Prisoners Dilemma is an example of a 2 person game. A 2 person game is one in which only 2 parties can play. 2 men are caught spending forged money and are arrested by the police. The detective believes these 2 men not only spent the forged money but counterfeited it also. However he has no evidence of this and so puts the men in different rooms and interrogates them separately.

He tells them that if neither of them confess to being a counterfeiter, then they will be charged with attempting to spend forged money for which they would be sentenced to 1 year in prison. If they both confess to being forgers then they would get a lenient sentence of only 4 years. If only one of them confesses to forgery they will get off, but the other prisoner will be get 10 years.

This information can be summarised into a pay-off matrix.
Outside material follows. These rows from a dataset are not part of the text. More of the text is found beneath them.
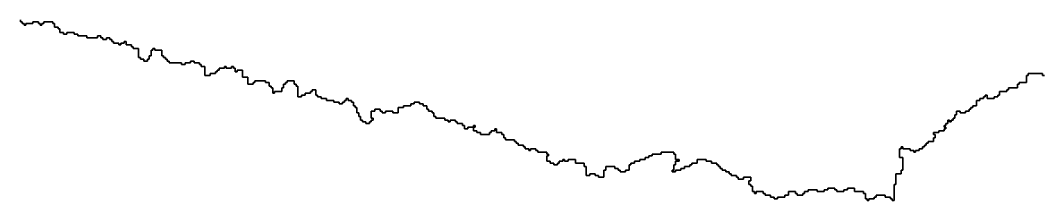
# Model space of a CAD drawing. Header units: inches. Extents: x -98695 to 376223, y 1122520 to 1501782.
# Drawn here: x 339114 to 356728, y 1185355 to 1188461 of the extents above; entities that cross this region are included whole.
import ezdxf

# ---------------------------------------------------------------- set-up
doc = ezdxf.new("R2010")
doc.units = ezdxf.units.IN
doc.header["$MEASUREMENT"] = 0
doc.layers.add('subs1', color=7, linetype='Continuous', true_color=0xc8dcf7)

msp = doc.modelspace()

# ---------------------------------------------------------------- linework, layer by layer
at = {"layer": 'subs1'}
msp.add_lwpolyline([(356759, 1187514), (356728, 1187514), (356728, 1187545), (356481, 1187545), (356481, 1187514), (356450, 1187514), (356450, 1187391), (356327, 1187391), (356327, 1187360), (356296, 1187360), (356296, 1187298), (356142, 1187298), (356142, 1187267), (356111, 1187267), (356111, 1187236), (355988, 1187236), (355988, 1187175), (355957, 1187175), (355957, 1187144), (355895, 1187144), (355895, 1187113), (355772, 1187113), (355772, 1187175), (355741, 1187175), (355741, 1187144), (355710, 1187144), (355710, 1187113), (355648, 1187113), (355648, 1187082), (355587, 1187082), (355587, 1186990), (355525, 1186990), (355525, 1186959), (355494, 1186959), (355494, 1186928), (355463, 1186928), (355463, 1186897), (355401, 1186897), (355401, 1186866), (355309, 1186866), (355309, 1186897), (355247, 1186897), (355247, 1186835), (355216, 1186835), (355216, 1186774), (355186, 1186774), (355186, 1186743), (355155, 1186743), (355155, 1186712), (355124, 1186712), (355124, 1186743), (355093, 1186743), (355093, 1186681), (355062, 1186681), (355062, 1186650), (355031, 1186650), (355031, 1186619), (355062, 1186619), (355062, 1186589), (355031, 1186589), (355031, 1186558), (354939, 1186558), (354939, 1186527), (354846, 1186527), (354846, 1186496), (354877, 1186496), (354877, 1186434), (354846, 1186434), (354846, 1186373), (354754, 1186373), (354754, 1186342), (354723, 1186342), (354723, 1186311), (354692, 1186311), (354692, 1186280), (354661, 1186280), (354661, 1186249), (354599, 1186249), (354599, 1186218), (354538, 1186218), (354538, 1186188), (354507, 1186188), (354507, 1186218), (354445, 1186218), (354445, 1186249), (354322, 1186249), (354322, 1186280), (354291, 1186280), (354291, 1186249), (354260, 1186249), (354260, 1186095), (354322, 1186095), (354322, 1185879), (354291, 1185879), (354291, 1185817), (354198, 1185817), (354198, 1185632), (354168, 1185632), (354168, 1185355), (354137, 1185355), (354137, 1185386), (354106, 1185386), (354106, 1185416), (354013, 1185416), (354013, 1185447), (353859, 1185447), (353859, 1185416), (353828, 1185416), (353828, 1185386), (353736, 1185386), (353736, 1185355), (353705, 1185355), (353705, 1185386), (353674, 1185386), (353674, 1185478), (353643, 1185478), (353643, 1185509), (353489, 1185509), (353489, 1185571), (353366, 1185571), (353366, 1185540), (353304, 1185540), (353304, 1185509), (353180, 1185509), (353180, 1185540), (353150, 1185540), (353150, 1185571), (353026, 1185571), (353026, 1185540), (352965, 1185540), (352965, 1185509), (352841, 1185509), (352841, 1185540), (352687, 1185540), (352687, 1185509), (352625, 1185509), (352625, 1185478), (352594, 1185478), (352594, 1185447), (352502, 1185447), (352502, 1185478), (352471, 1185478), (352471, 1185509), (352348, 1185509), (352348, 1185447), (352286, 1185447), (352286, 1185416), (352163, 1185416), (352163, 1185386), (352101, 1185386), (352101, 1185416), (352039, 1185416), (352039, 1185447), (351947, 1185447), (351947, 1185478), (351916, 1185478), (351916, 1185509), (351792, 1185509), (351792, 1185478), (351762, 1185478), (351762, 1185509), (351731, 1185509), (351731, 1185601), (351700, 1185601), (351700, 1185632), (351669, 1185632), (351669, 1185694), (351700, 1185694), (351700, 1185756), (351576, 1185756), (351576, 1185725), (351484, 1185725), (351484, 1185756), (351453, 1185756), (351453, 1185787), (351361, 1185787), (351361, 1185817), (351330, 1185817), (351330, 1185848), (351268, 1185848), (351268, 1185879), (351206, 1185879), (351206, 1185910), (351175, 1185910), (351175, 1185941), (351145, 1185941), (351145, 1185972), (351114, 1185972), (351114, 1186002), (351021, 1186002), (351021, 1186033), (350929, 1186033), (350929, 1186064), (350774, 1186064), (350774, 1186002), (350682, 1186002), (350682, 1185972), (350651, 1185972), (350651, 1185941), (350559, 1185941), (350559, 1185910), (350497, 1185910), (350497, 1185879), (350404, 1185879), (350404, 1185848), (350343, 1185848), (350343, 1185879), (350373, 1185879), (350373, 1185972), (350404, 1185972), (350404, 1186033), (350466, 1186033), (350466, 1186064), (350404, 1186064), (350404, 1186157), (350373, 1186157), (350373, 1186188), (350158, 1186188), (350158, 1186157), (350003, 1186157), (350003, 1186126), (349942, 1186126), (349942, 1186095), (349880, 1186095), (349880, 1186064), (349787, 1186064), (349787, 1186033), (349695, 1186033), (349695, 1186002), (349633, 1186002), (349633, 1185972), (349602, 1185972), (349602, 1185879), (349541, 1185879), (349541, 1185848), (349448, 1185848), (349448, 1185879), (349417, 1185879), (349417, 1185910), (349355, 1185910), (349355, 1185941), (349201, 1185941), (349201, 1185879), (349170, 1185879), (349170, 1185756), (349078, 1185756), (349078, 1185787), (349016, 1185787), (349016, 1185817), (348924, 1185817), (348924, 1185787), (348862, 1185787), (348862, 1185941), (348831, 1185941), (348831, 1186002), (348677, 1186002), (348677, 1186064), (348553, 1186064), (348553, 1186033), (348492, 1186033), (348492, 1186064), (348461, 1186064), (348461, 1186033), (348399, 1186033), (348399, 1186002), (348368, 1186002), (348368, 1185972), (348307, 1185972), (348307, 1186002), (348245, 1186002), (348245, 1186033), (348183, 1186033), (348183, 1186126), (348214, 1186126), (348214, 1186157), (348183, 1186157), (348183, 1186188), (348029, 1186188), (348029, 1186218), (347998, 1186218), (347998, 1186249), (347906, 1186249), (347906, 1186218), (347875, 1186218), (347875, 1186249), (347813, 1186249), (347813, 1186280), (347782, 1186280), (347782, 1186311), (347690, 1186311), (347690, 1186342), (347659, 1186342), (347659, 1186373), (347628, 1186373), (347628, 1186403), (347474, 1186403), (347474, 1186434), (347443, 1186434), (347443, 1186496), (347412, 1186496), (347412, 1186527), (347320, 1186527), (347320, 1186589), (347289, 1186589), (347289, 1186558), (347227, 1186558), (347227, 1186527), (347196, 1186527), (347196, 1186496), (347042, 1186496), (347042, 1186527), (346980, 1186527), (346980, 1186558), (346919, 1186558), (346919, 1186619), (346949, 1186619), (346949, 1186650), (346919, 1186650), (346919, 1186619), (346826, 1186619), (346826, 1186589), (346764, 1186589), (346764, 1186650), (346734, 1186650), (346734, 1186681), (346641, 1186681), (346641, 1186712), (346610, 1186712), (346610, 1186743), (346518, 1186743), (346518, 1186712), (346487, 1186712), (346487, 1186743), (346425, 1186743), (346425, 1186774), (346271, 1186774), (346271, 1186804), (346240, 1186804), (346240, 1186866), (346209, 1186866), (346209, 1186897), (346147, 1186897), (346147, 1186928), (346117, 1186928), (346117, 1186990), (346055, 1186990), (346055, 1187020), (345993, 1187020), (345993, 1187051), (345901, 1187051), (345901, 1187020), (345839, 1187020), (345839, 1186990), (345716, 1186990), (345716, 1186959), (345623, 1186959), (345623, 1186866), (345530, 1186866), (345530, 1186897), (345407, 1186897), (345407, 1186866), (345345, 1186866), (345345, 1186897), (345315, 1186897), (345315, 1186928), (345222, 1186928), (345222, 1186897), (345160, 1186897), (345160, 1186774), (345191, 1186774), (345191, 1186743), (345160, 1186743), (345160, 1186712), (345129, 1186712), (345129, 1186681), (345068, 1186681), (345068, 1186712), (345006, 1186712), (345006, 1186743), (344975, 1186743), (344975, 1186804), (344944, 1186804), (344944, 1186866), (344914, 1186866), (344914, 1186959), (344883, 1186959), (344883, 1186990), (344852, 1186990), (344852, 1187051), (344821, 1187051), (344821, 1187082), (344759, 1187082), (344759, 1187113), (344728, 1187113), (344728, 1187082), (344698, 1187082), (344698, 1187051), (344667, 1187051), (344667, 1187020), (344605, 1187020), (344605, 1187051), (344513, 1187051), (344513, 1187082), (344389, 1187082), (344389, 1187113), (344297, 1187113), (344297, 1187144), (344235, 1187144), (344235, 1187175), (344204, 1187175), (344204, 1187267), (344142, 1187267), (344142, 1187236), (344112, 1187236), (344112, 1187205), (344019, 1187205), (344019, 1187175), (343957, 1187175), (343957, 1187144), (343896, 1187144), (343896, 1187329), (343865, 1187329), (343865, 1187360), (343834, 1187360), (343834, 1187421), (343711, 1187421), (343711, 1187391), (343680, 1187391), (343680, 1187360), (343649, 1187360), (343649, 1187298), (343618, 1187298), (343618, 1187236), (343495, 1187236), (343495, 1187205), (343464, 1187205), (343464, 1187298), (343433, 1187298), (343433, 1187329), (343402, 1187329), (343402, 1187391), (343340, 1187391), (343340, 1187421), (343155, 1187421), (343155, 1187391), (343124, 1187391), (343124, 1187360), (343032, 1187360), (343032, 1187483), (342939, 1187483), (342939, 1187606), (342847, 1187606), (342847, 1187576), (342816, 1187576), (342816, 1187637), (342785, 1187637), (342785, 1187668), (342754, 1187668), (342754, 1187637), (342662, 1187637), (342662, 1187668), (342631, 1187668), (342631, 1187637), (342538, 1187637), (342538, 1187606), (342507, 1187606), (342507, 1187576), (342477, 1187576), (342477, 1187545), (342384, 1187545), (342384, 1187514), (342292, 1187514), (342292, 1187668), (342230, 1187668), (342230, 1187699), (342199, 1187699), (342199, 1187730), (342106, 1187730), (342106, 1187761), (342045, 1187761), (342045, 1187730), (341952, 1187730), (341952, 1187699), (341891, 1187699), (341891, 1187730), (341675, 1187730), (341675, 1187761), (341644, 1187761), (341644, 1187792), (341613, 1187792), (341613, 1187822), (341582, 1187822), (341582, 1187853), (341551, 1187853), (341551, 1187946), (341428, 1187946), (341428, 1187977), (341397, 1187977), (341397, 1187946), (341366, 1187946), (341366, 1187853), (341335, 1187853), (341335, 1187792), (341304, 1187792), (341304, 1187761), (341243, 1187761), (341243, 1187792), (341181, 1187792), (341181, 1187822), (341150, 1187822), (341150, 1187977), (341058, 1187977), (341058, 1188007), (341027, 1188007), (341027, 1188038), (340934, 1188038), (340934, 1188100), (340903, 1188100), (340903, 1188069), (340842, 1188069), (340842, 1188038), (340811, 1188038), (340811, 1188069), (340718, 1188069), (340718, 1188100), (340688, 1188100), (340688, 1188131), (340657, 1188131), (340657, 1188162), (340595, 1188162), (340595, 1188131), (340533, 1188131), (340533, 1188162), (340502, 1188162), (340502, 1188193), (340441, 1188193), (340441, 1188162), (340256, 1188162), (340256, 1188193), (340101, 1188193), (340101, 1188223), (340040, 1188223), (340040, 1188254), (339916, 1188254), (339916, 1188223), (339855, 1188223), (339855, 1188254), (339793, 1188254), (339793, 1188316), (339762, 1188316), (339762, 1188347), (339700, 1188347), (339700, 1188409), (339670, 1188409), (339670, 1188439), (339515, 1188439), (339515, 1188409), (339484, 1188409), (339484, 1188378), (339454, 1188378), (339454, 1188409), (339423, 1188409), (339423, 1188439), (339330, 1188439), (339330, 1188409), (339207, 1188409), (339207, 1188378), (339176, 1188378), (339176, 1188409), (339145, 1188409), (339145, 1188439), (339114, 1188439), (339114, 1188470)], dxfattribs=at)
msp.add_polyline3d([(339114, 1188470, 0), (339114, 1188439, 0), (339145, 1188439, 0), (339145, 1188409, 0), (339176, 1188409, 0), (339176, 1188378, 0), (339207, 1188378, 0), (339207, 1188409, 0), (339330, 1188409, 0), (339330, 1188439, 0), (339423, 1188439, 0), (339423, 1188409, 0), (339454, 1188409, 0), (339454, 1188378, 0), (339484, 1188378, 0), (339484, 1188409, 0), (339515, 1188409, 0), (339515, 1188439, 0), (339670, 1188439, 0), (339670, 1188409, 0), (339700, 1188409, 0), (339700, 1188347, 0), (339762, 1188347, 0), (339762, 1188316, 0), (339793, 1188316, 0), (339793, 1188254, 0), (339855, 1188254, 0), (339855, 1188223, 0), (339916, 1188223, 0), (339916, 1188254, 0), (340040, 1188254, 0), (340040, 1188223, 0), (340101, 1188223, 0), (340101, 1188193, 0), (340256, 1188193, 0), (340256, 1188162, 0), (340441, 1188162, 0), (340441, 1188193, 0), (340502, 1188193, 0), (340502, 1188162, 0), (340533, 1188162, 0), (340533, 1188131, 0), (340595, 1188131, 0), (340595, 1188162, 0), (340657, 1188162, 0), (340657, 1188131, 0), (340688, 1188131, 0), (340688, 1188100, 0), (340718, 1188100, 0), (340718, 1188069, 0), (340811, 1188069, 0), (340811, 1188038, 0), (340842, 1188038, 0), (340842, 1188069, 0), (340903, 1188069, 0), (340903, 1188100, 0), (340934, 1188100, 0), (340934, 1188038, 0), (341027, 1188038, 0), (341027, 1188007, 0), (341058, 1188007, 0), (341058, 1187977, 0), (341150, 1187977, 0), (341150, 1187822, 0), (341181, 1187822, 0), (341181, 1187792, 0), (341243, 1187792, 0), (341243, 1187761, 0), (341304, 1187761, 0), (341304, 1187792, 0), (341335, 1187792, 0), (341335, 1187853, 0), (341366, 1187853, 0), (341366, 1187946, 0), (341397, 1187946, 0), (341397, 1187977, 0), (341428, 1187977, 0), (341428, 1187946, 0), (341551, 1187946, 0), (341551, 1187853, 0), (341582, 1187853, 0), (341582, 1187822, 0), (341613, 1187822, 0), (341613, 1187792, 0), (341644, 1187792, 0), (341644, 1187761, 0), (341675, 1187761, 0), (341675, 1187730, 0), (341891, 1187730, 0), (341891, 1187699, 0), (341952, 1187699, 0), (341952, 1187730, 0), (342045, 1187730, 0), (342045, 1187761, 0), (342106, 1187761, 0), (342106, 1187730, 0), (342199, 1187730, 0), (342199, 1187699, 0), (342230, 1187699, 0), (342230, 1187668, 0), (342292, 1187668, 0), (342292, 1187514, 0), (342384, 1187514, 0), (342384, 1187545, 0), (342477, 1187545, 0), (342477, 1187576, 0), (342507, 1187576, 0), (342507, 1187606, 0), (342538, 1187606, 0), (342538, 1187637, 0), (342631, 1187637, 0), (342631, 1187668, 0), (342662, 1187668, 0), (342662, 1187637, 0), (342754, 1187637, 0), (342754, 1187668, 0), (342785, 1187668, 0), (342785, 1187637, 0), (342816, 1187637, 0), (342816, 1187576, 0), (342847, 1187576, 0), (342847, 1187606, 0), (342939, 1187606, 0), (342939, 1187483, 0), (343032, 1187483, 0), (343032, 1187360, 0), (343124, 1187360, 0), (343124, 1187391, 0), (343155, 1187391, 0), (343155, 1187421, 0), (343340, 1187421, 0), (343340, 1187391, 0), (343402, 1187391, 0), (343402, 1187329, 0), (343433, 1187329, 0), (343433, 1187298, 0), (343464, 1187298, 0), (343464, 1187205, 0), (343495, 1187205, 0), (343495, 1187236, 0), (343618, 1187236, 0), (343618, 1187298, 0), (343649, 1187298, 0), (343649, 1187360, 0), (343680, 1187360, 0), (343680, 1187391, 0), (343711, 1187391, 0), (343711, 1187421, 0), (343834, 1187421, 0), (343834, 1187360, 0), (343865, 1187360, 0), (343865, 1187329, 0), (343896, 1187329, 0), (343896, 1187144, 0), (343957, 1187144, 0), (343957, 1187175, 0), (344019, 1187175, 0), (344019, 1187205, 0), (344112, 1187205, 0), (344112, 1187236, 0), (344142, 1187236, 0), (344142, 1187267, 0), (344204, 1187267, 0), (344204, 1187175, 0), (344235, 1187175, 0), (344235, 1187144, 0), (344297, 1187144, 0), (344297, 1187113, 0), (344389, 1187113, 0), (344389, 1187082, 0), (344513, 1187082, 0), (344513, 1187051, 0), (344605, 1187051, 0), (344605, 1187020, 0), (344667, 1187020, 0), (344667, 1187051, 0), (344698, 1187051, 0), (344698, 1187082, 0), (344728, 1187082, 0), (344728, 1187113, 0), (344759, 1187113, 0), (344759, 1187082, 0), (344821, 1187082, 0), (344821, 1187051, 0), (344852, 1187051, 0), (344852, 1186990, 0), (344883, 1186990, 0), (344883, 1186959, 0), (344914, 1186959, 0), (344914, 1186866, 0), (344944, 1186866, 0), (344944, 1186804, 0), (344975, 1186804, 0), (344975, 1186743, 0), (345006, 1186743, 0), (345006, 1186712, 0), (345068, 1186712, 0), (345068, 1186681, 0), (345129, 1186681, 0), (345129, 1186712, 0), (345160, 1186712, 0), (345160, 1186743, 0), (345191, 1186743, 0), (345191, 1186774, 0), (345160, 1186774, 0), (345160, 1186897, 0), (345222, 1186897, 0), (345222, 1186928, 0), (345315, 1186928, 0), (345315, 1186897, 0), (345345, 1186897, 0), (345345, 1186866, 0), (345407, 1186866, 0), (345407, 1186897, 0), (345530, 1186897, 0), (345530, 1186866, 0), (345623, 1186866, 0), (345623, 1186959, 0), (345716, 1186959, 0), (345716, 1186990, 0), (345839, 1186990, 0), (345839, 1187020, 0), (345901, 1187020, 0), (345901, 1187051, 0), (345993, 1187051, 0), (345993, 1187020, 0), (346055, 1187020, 0), (346055, 1186990, 0), (346117, 1186990, 0), (346117, 1186928, 0), (346147, 1186928, 0), (346147, 1186897, 0), (346209, 1186897, 0), (346209, 1186866, 0), (346240, 1186866, 0), (346240, 1186804, 0), (346271, 1186804, 0), (346271, 1186774, 0), (346425, 1186774, 0), (346425, 1186743, 0), (346487, 1186743, 0), (346487, 1186712, 0), (346518, 1186712, 0), (346518, 1186743, 0), (346610, 1186743, 0), (346610, 1186712, 0), (346641, 1186712, 0), (346641, 1186681, 0), (346734, 1186681, 0), (346734, 1186650, 0), (346764, 1186650, 0), (346764, 1186589, 0), (346826, 1186589, 0), (346826, 1186619, 0), (346919, 1186619, 0), (346919, 1186558, 0), (346980, 1186558, 0), (346980, 1186527, 0), (347042, 1186527, 0), (347042, 1186496, 0), (347196, 1186496, 0), (347196, 1186527, 0), (347227, 1186527, 0), (347227, 1186558, 0), (347289, 1186558, 0), (347289, 1186589, 0), (347320, 1186589, 0), (347320, 1186527, 0), (347412, 1186527, 0), (347412, 1186496, 0), (347443, 1186496, 0), (347443, 1186434, 0), (347474, 1186434, 0), (347474, 1186403, 0), (347628, 1186403, 0), (347628, 1186373, 0), (347659, 1186373, 0), (347659, 1186342, 0), (347690, 1186342, 0), (347690, 1186311, 0), (347782, 1186311, 0), (347782, 1186280, 0), (347813, 1186280, 0), (347813, 1186249, 0), (347875, 1186249, 0), (347875, 1186218, 0), (347906, 1186218, 0), (347906, 1186249, 0), (347998, 1186249, 0), (347998, 1186218, 0), (348029, 1186218, 0), (348029, 1186188, 0), (348183, 1186188, 0), (348183, 1186157, 0), (348214, 1186157, 0), (348214, 1186126, 0), (348183, 1186126, 0), (348183, 1186033, 0), (348245, 1186033, 0), (348245, 1186002, 0), (348307, 1186002, 0), (348307, 1185972, 0), (348368, 1185972, 0), (348368, 1186002, 0), (348399, 1186002, 0), (348399, 1186033, 0), (348461, 1186033, 0), (348461, 1186064, 0), (348492, 1186064, 0), (348492, 1186033, 0), (348553, 1186033, 0), (348553, 1186064, 0), (348677, 1186064, 0), (348677, 1186002, 0), (348831, 1186002, 0), (348831, 1185941, 0), (348862, 1185941, 0), (348862, 1185787, 0), (348924, 1185787, 0), (348924, 1185817, 0), (349016, 1185817, 0), (349016, 1185787, 0), (349078, 1185787, 0), (349078, 1185756, 0), (349170, 1185756, 0), (349170, 1185879, 0), (349201, 1185879, 0), (349201, 1185941, 0), (349355, 1185941, 0), (349355, 1185910, 0), (349417, 1185910, 0), (349417, 1185879, 0), (349448, 1185879, 0), (349448, 1185848, 0), (349541, 1185848, 0), (349541, 1185879, 0), (349602, 1185879, 0), (349602, 1185972, 0), (349633, 1185972, 0), (349633, 1186002, 0), (349695, 1186002, 0), (349695, 1186033, 0), (349787, 1186033, 0), (349787, 1186064, 0), (349880, 1186064, 0), (349880, 1186095, 0), (349942, 1186095, 0), (349942, 1186126, 0), (350003, 1186126, 0), (350003, 1186157, 0), (350158, 1186157, 0), (350158, 1186188, 0), (350373, 1186188, 0), (350373, 1186157, 0), (350404, 1186157, 0), (350404, 1186064, 0), (350466, 1186064, 0), (350466, 1186033, 0), (350404, 1186033, 0), (350404, 1185972, 0), (350373, 1185972, 0), (350373, 1185879, 0), (350343, 1185879, 0), (350343, 1185848, 0), (350404, 1185848, 0), (350404, 1185879, 0), (350497, 1185879, 0), (350497, 1185910, 0), (350559, 1185910, 0), (350559, 1185941, 0), (350651, 1185941, 0), (350651, 1185972, 0), (350682, 1185972, 0), (350682, 1186002, 0), (350774, 1186002, 0), (350774, 1186064, 0), (350929, 1186064, 0), (350929, 1186033, 0), (351021, 1186033, 0), (351021, 1186002, 0), (351114, 1186002, 0), (351114, 1185972, 0), (351145, 1185972, 0), (351145, 1185941, 0), (351175, 1185941, 0), (351175, 1185910, 0), (351206, 1185910, 0), (351206, 1185879, 0), (351268, 1185879, 0), (351268, 1185848, 0), (351330, 1185848, 0), (351330, 1185817, 0), (351361, 1185817, 0), (351361, 1185787, 0), (351453, 1185787, 0), (351453, 1185756, 0), (351484, 1185756, 0), (351484, 1185725, 0), (351576, 1185725, 0), (351576, 1185756, 0), (351700, 1185756, 0), (351700, 1185694, 0), (351669, 1185694, 0), (351669, 1185632, 0), (351700, 1185632, 0), (351700, 1185601, 0), (351731, 1185601, 0), (351731, 1185509, 0), (351762, 1185509, 0), (351762, 1185478, 0), (351792, 1185478, 0), (351792, 1185509, 0), (351916, 1185509, 0), (351916, 1185478, 0), (351947, 1185478, 0), (351947, 1185447, 0), (352039, 1185447, 0), (352039, 1185416, 0), (352101, 1185416, 0), (352101, 1185386, 0), (352163, 1185386, 0), (352163, 1185416, 0), (352286, 1185416, 0), (352286, 1185447, 0), (352348, 1185447, 0), (352348, 1185509, 0), (352471, 1185509, 0), (352471, 1185478, 0), (352502, 1185478, 0), (352502, 1185447, 0), (352594, 1185447, 0), (352594, 1185478, 0), (352625, 1185478, 0), (352625, 1185509, 0), (352687, 1185509, 0), (352687, 1185540, 0), (352841, 1185540, 0), (352841, 1185509, 0), (352965, 1185509, 0), (352965, 1185540, 0), (353026, 1185540, 0), (353026, 1185571, 0), (353150, 1185571, 0), (353150, 1185540, 0), (353180, 1185540, 0), (353180, 1185509, 0), (353304, 1185509, 0), (353304, 1185540, 0), (353366, 1185540, 0), (353366, 1185571, 0), (353489, 1185571, 0), (353489, 1185509, 0), (353643, 1185509, 0), (353643, 1185478, 0), (353674, 1185478, 0), (353674, 1185386, 0), (353705, 1185386, 0), (353705, 1185355, 0), (353736, 1185355, 0), (353736, 1185386, 0), (353828, 1185386, 0), (353828, 1185416, 0), (353859, 1185416, 0), (353859, 1185447, 0), (354013, 1185447, 0), (354013, 1185416, 0), (354106, 1185416, 0), (354106, 1185386, 0), (354137, 1185386, 0), (354137, 1185355, 0), (354168, 1185355, 0), (354168, 1185632, 0), (354198, 1185632, 0), (354198, 1185817, 0), (354291, 1185817, 0), (354291, 1185879, 0), (354322, 1185879, 0), (354322, 1186095, 0), (354260, 1186095, 0), (354260, 1186249, 0), (354291, 1186249, 0), (354291, 1186280, 0), (354322, 1186280, 0), (354322, 1186249, 0), (354445, 1186249, 0), (354445, 1186218, 0), (354507, 1186218, 0), (354507, 1186188, 0), (354538, 1186188, 0), (354538, 1186218, 0), (354599, 1186218, 0), (354599, 1186249, 0), (354661, 1186249, 0), (354661, 1186280, 0), (354692, 1186280, 0), (354692, 1186311, 0), (354723, 1186311, 0), (354723, 1186342, 0), (354754, 1186342, 0), (354754, 1186373, 0), (354846, 1186373, 0), (354846, 1186434, 0), (354877, 1186434, 0), (354877, 1186496, 0), (354846, 1186496, 0), (354846, 1186527, 0), (354939, 1186527, 0), (354939, 1186558, 0), (355031, 1186558, 0), (355031, 1186589, 0), (355062, 1186589, 0), (355062, 1186619, 0), (355031, 1186619, 0), (355031, 1186650, 0), (355062, 1186650, 0), (355062, 1186681, 0), (355093, 1186681, 0), (355093, 1186743, 0), (355124, 1186743, 0), (355124, 1186712, 0), (355155, 1186712, 0), (355155, 1186743, 0), (355186, 1186743, 0), (355186, 1186774, 0), (355216, 1186774, 0), (355216, 1186835, 0), (355247, 1186835, 0), (355247, 1186897, 0), (355309, 1186897, 0), (355309, 1186866, 0), (355401, 1186866, 0), (355401, 1186897, 0), (355463, 1186897, 0), (355463, 1186928, 0), (355494, 1186928, 0), (355494, 1186959, 0), (355525, 1186959, 0), (355525, 1186990, 0), (355587, 1186990, 0), (355587, 1187082, 0), (355648, 1187082, 0), (355648, 1187113, 0), (355710, 1187113, 0), (355710, 1187144, 0), (355741, 1187144, 0), (355741, 1187175, 0), (355772, 1187175, 0), (355772, 1187113, 0), (355895, 1187113, 0), (355895, 1187144, 0), (355957, 1187144, 0), (355957, 1187175, 0), (355988, 1187175, 0), (355988, 1187236, 0), (356111, 1187236, 0), (356111, 1187267, 0), (356142, 1187267, 0), (356142, 1187298, 0), (356296, 1187298, 0), (356296, 1187360, 0), (356327, 1187360, 0), (356327, 1187391, 0), (356450, 1187391, 0), (356450, 1187514, 0), (356481, 1187514, 0), (356481, 1187545, 0), (356728, 1187545, 0), (356728, 1187514, 0), (356759, 1187514, 0)], dxfattribs=at)
msp.add_polyline3d([(346919, 1186619, 0), (346919, 1186650, 0), (346949, 1186650, 0), (346949, 1186619, 0)], close=True, dxfattribs=at)

doc.saveas('drawing.dxf')

The outcomes are ordered as pairs (A,B).

 

B confesses

B does not confess

A confesses

(-4,-4)

(0,-10)

A does not confess

(-10,0)

(-1,-1)

 

In the payoff matrix above the results are negative as they have something to lose, if they were positive it means they would be gaining something.

The worst outcome for A if he confesses is 4 years, and if he doesn’t confess it is 10 years. Therefore he will confess. Similarly for B if he confesses the worst outcome is that he gets 4 years were as if he didn’t confess he might get 10 years. Therefore he also looks to confess. Both A and B confess hence they both get 4 years in prison.